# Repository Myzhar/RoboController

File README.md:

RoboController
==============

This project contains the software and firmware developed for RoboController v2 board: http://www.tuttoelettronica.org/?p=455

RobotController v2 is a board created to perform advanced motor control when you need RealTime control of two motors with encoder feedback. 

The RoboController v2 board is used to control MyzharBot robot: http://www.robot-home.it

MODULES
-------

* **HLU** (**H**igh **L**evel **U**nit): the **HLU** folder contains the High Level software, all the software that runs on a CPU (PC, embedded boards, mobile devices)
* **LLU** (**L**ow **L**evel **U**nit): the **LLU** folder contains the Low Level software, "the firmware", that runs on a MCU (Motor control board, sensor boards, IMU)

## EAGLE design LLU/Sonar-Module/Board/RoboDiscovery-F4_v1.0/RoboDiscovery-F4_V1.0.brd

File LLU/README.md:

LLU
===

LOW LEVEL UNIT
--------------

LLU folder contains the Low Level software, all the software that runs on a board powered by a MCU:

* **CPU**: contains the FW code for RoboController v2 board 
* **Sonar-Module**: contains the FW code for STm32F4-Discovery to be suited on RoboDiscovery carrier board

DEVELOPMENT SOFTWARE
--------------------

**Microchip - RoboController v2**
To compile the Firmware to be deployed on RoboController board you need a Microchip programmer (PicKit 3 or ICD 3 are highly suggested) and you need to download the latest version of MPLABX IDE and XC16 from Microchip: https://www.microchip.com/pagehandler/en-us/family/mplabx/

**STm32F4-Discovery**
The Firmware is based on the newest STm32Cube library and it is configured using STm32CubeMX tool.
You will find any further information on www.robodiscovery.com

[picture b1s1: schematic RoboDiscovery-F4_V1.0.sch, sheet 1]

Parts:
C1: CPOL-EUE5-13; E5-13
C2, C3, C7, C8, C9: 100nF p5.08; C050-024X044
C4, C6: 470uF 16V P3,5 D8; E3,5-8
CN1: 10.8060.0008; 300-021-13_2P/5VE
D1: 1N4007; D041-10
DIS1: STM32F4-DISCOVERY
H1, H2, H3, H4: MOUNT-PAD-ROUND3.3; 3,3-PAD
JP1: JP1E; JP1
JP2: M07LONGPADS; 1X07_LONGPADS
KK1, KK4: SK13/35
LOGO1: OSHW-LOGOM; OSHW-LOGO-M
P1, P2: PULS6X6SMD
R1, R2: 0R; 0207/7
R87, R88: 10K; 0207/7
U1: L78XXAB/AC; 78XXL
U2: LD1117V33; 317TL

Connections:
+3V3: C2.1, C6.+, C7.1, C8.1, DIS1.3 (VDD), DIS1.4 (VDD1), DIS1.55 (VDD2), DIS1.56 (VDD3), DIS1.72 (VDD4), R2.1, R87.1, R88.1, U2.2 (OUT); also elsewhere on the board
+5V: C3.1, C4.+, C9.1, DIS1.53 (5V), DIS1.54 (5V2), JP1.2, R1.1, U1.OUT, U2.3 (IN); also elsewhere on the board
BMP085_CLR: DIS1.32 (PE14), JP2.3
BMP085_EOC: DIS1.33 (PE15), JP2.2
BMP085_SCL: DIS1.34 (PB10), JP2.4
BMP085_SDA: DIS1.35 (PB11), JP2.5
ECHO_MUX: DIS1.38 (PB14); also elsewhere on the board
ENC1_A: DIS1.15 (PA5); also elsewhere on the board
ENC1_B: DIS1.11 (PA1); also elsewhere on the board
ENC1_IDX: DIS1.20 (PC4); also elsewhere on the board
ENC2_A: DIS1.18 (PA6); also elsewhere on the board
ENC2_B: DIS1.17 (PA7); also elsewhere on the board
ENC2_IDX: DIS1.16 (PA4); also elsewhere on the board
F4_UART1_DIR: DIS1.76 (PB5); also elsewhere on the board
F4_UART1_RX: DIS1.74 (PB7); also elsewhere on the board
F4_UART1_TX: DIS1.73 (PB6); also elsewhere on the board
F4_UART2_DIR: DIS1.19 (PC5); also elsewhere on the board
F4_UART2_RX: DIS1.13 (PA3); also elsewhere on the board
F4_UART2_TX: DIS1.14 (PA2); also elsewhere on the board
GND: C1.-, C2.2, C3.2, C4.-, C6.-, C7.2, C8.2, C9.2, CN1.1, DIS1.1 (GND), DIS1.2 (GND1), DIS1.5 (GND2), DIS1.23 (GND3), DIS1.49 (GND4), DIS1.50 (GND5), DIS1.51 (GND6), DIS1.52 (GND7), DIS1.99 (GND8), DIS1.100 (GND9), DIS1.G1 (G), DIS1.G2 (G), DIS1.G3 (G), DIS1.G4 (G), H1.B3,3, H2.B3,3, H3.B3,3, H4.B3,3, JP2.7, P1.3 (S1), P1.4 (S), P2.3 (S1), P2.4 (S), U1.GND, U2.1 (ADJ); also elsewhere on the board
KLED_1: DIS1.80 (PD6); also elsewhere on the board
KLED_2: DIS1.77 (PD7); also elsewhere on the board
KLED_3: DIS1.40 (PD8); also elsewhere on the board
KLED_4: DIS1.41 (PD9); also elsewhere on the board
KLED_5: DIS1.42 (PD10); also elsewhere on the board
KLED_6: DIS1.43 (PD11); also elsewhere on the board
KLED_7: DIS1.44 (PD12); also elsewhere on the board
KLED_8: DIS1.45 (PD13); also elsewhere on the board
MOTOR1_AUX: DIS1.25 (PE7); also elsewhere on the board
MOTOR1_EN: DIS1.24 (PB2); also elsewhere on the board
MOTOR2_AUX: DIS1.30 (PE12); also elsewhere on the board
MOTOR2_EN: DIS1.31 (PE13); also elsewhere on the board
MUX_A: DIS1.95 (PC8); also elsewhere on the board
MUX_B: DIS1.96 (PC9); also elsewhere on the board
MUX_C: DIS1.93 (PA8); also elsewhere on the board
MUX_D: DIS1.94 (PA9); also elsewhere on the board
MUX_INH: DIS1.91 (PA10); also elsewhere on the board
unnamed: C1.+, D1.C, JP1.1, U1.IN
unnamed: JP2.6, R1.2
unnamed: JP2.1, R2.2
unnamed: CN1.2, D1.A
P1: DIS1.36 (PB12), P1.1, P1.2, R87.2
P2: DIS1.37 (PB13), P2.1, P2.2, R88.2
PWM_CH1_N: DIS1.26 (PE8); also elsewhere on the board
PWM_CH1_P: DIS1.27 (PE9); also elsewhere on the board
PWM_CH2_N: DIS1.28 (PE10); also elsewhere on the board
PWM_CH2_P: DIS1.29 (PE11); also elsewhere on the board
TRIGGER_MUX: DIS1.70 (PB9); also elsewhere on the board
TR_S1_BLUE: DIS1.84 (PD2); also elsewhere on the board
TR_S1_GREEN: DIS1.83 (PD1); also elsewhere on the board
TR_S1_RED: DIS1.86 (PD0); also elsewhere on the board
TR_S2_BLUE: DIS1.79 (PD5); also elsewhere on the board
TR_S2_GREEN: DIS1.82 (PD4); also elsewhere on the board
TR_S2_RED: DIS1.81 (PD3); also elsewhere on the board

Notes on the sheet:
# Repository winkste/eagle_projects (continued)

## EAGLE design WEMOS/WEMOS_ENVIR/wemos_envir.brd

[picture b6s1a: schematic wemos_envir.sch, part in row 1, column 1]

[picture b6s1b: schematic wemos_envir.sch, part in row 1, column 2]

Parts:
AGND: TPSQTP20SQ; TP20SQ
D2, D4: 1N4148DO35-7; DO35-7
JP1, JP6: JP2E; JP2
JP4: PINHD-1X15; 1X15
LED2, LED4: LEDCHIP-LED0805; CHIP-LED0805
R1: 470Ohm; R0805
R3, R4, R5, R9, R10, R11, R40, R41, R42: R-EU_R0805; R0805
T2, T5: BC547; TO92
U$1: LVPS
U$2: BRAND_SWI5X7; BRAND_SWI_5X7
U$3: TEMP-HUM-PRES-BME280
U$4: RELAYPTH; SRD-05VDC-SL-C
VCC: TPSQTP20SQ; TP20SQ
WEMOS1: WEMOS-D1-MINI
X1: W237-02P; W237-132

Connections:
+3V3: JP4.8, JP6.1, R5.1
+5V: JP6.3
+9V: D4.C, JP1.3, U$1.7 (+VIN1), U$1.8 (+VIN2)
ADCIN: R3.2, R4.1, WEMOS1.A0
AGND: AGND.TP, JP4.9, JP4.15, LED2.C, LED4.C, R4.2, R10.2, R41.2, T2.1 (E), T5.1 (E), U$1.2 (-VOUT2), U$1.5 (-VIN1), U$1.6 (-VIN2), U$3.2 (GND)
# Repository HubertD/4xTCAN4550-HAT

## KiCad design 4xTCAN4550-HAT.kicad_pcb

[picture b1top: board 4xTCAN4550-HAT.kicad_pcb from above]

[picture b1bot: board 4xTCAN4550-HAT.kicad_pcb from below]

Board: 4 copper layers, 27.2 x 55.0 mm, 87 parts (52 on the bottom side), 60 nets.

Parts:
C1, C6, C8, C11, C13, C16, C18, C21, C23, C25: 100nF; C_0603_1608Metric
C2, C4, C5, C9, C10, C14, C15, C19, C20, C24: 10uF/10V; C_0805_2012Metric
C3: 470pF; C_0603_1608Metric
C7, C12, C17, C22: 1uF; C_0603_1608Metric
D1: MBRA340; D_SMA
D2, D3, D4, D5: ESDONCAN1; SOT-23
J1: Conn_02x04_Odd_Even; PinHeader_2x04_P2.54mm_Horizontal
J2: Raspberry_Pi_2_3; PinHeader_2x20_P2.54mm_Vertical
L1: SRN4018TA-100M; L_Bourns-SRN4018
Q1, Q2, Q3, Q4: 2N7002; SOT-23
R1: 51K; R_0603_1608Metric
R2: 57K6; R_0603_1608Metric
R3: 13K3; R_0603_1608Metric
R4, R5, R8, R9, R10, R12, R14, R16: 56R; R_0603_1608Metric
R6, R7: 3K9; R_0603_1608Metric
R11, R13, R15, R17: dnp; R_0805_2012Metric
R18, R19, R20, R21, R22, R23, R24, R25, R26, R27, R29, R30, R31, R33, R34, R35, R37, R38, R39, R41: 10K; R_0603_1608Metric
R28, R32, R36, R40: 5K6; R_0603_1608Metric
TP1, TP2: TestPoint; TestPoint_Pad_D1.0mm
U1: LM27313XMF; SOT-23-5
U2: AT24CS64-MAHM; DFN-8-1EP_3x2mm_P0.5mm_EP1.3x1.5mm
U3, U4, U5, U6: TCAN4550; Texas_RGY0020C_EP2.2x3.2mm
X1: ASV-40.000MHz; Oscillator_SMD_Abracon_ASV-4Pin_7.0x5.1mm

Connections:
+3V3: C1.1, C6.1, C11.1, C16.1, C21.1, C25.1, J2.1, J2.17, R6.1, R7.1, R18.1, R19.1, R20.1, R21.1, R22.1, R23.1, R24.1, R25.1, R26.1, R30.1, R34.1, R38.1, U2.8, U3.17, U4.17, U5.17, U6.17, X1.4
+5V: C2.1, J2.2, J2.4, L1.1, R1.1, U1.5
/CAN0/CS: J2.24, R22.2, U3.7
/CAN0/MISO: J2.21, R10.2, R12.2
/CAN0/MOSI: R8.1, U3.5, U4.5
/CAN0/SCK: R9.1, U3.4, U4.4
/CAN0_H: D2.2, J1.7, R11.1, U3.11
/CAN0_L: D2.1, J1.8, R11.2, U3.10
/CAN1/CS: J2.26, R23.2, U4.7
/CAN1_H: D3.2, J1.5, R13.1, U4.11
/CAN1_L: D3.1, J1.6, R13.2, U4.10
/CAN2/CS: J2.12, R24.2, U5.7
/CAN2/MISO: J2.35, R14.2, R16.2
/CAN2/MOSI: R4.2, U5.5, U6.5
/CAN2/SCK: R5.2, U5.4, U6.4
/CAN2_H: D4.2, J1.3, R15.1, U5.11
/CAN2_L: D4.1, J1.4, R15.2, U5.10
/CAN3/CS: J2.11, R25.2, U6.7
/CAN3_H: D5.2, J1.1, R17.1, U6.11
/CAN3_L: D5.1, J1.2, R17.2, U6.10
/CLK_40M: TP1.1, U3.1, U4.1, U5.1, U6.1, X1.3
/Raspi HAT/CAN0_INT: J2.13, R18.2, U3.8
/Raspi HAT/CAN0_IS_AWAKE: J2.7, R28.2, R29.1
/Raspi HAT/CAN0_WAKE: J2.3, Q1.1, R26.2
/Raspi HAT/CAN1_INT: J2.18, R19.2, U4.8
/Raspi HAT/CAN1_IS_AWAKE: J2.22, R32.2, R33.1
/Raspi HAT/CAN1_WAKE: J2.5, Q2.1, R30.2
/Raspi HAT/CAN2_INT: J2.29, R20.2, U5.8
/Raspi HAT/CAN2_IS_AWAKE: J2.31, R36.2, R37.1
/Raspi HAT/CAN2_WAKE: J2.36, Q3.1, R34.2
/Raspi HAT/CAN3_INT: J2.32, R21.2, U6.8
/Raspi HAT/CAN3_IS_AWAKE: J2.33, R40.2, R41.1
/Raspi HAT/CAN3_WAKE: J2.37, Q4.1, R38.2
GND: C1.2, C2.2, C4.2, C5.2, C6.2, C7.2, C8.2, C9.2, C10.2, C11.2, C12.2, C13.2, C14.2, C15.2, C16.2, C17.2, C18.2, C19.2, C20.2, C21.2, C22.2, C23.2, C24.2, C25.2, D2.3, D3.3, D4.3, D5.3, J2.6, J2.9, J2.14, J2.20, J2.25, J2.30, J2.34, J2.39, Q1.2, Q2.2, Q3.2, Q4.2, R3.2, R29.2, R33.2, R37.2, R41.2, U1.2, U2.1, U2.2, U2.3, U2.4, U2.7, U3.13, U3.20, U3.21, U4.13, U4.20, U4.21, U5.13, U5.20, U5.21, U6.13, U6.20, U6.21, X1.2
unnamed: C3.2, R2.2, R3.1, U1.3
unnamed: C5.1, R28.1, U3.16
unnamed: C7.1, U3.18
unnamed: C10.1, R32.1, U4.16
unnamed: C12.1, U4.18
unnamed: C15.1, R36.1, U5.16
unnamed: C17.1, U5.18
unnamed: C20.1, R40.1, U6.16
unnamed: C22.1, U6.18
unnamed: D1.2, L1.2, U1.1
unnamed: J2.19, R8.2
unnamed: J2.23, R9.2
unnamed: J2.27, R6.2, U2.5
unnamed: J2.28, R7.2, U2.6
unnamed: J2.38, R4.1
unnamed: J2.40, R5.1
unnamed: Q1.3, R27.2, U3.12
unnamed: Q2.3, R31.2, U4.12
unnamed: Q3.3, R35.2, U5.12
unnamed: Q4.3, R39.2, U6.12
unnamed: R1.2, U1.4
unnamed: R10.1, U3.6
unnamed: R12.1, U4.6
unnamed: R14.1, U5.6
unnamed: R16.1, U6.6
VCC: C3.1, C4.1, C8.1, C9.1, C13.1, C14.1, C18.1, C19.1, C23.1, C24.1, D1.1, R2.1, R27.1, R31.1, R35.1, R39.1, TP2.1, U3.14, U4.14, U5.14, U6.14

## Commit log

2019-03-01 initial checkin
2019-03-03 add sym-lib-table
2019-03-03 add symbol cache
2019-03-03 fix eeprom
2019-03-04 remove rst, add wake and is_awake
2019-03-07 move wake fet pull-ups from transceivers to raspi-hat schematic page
__________
_What you have to do_
Show every line of the material above in which "AGND" is present.

_Expected answer_
AGND: TPSQTP20SQ; TP20SQ
AGND: AGND.TP, JP4.9, JP4.15, LED2.C, LED4.C, R4.2, R10.2, R41.2, T2.1 (E), T5.1 (E), U$1.2 (-VOUT2), U$1.5 (-VIN1), U$1.6 (-VIN2), U$3.2 (GND)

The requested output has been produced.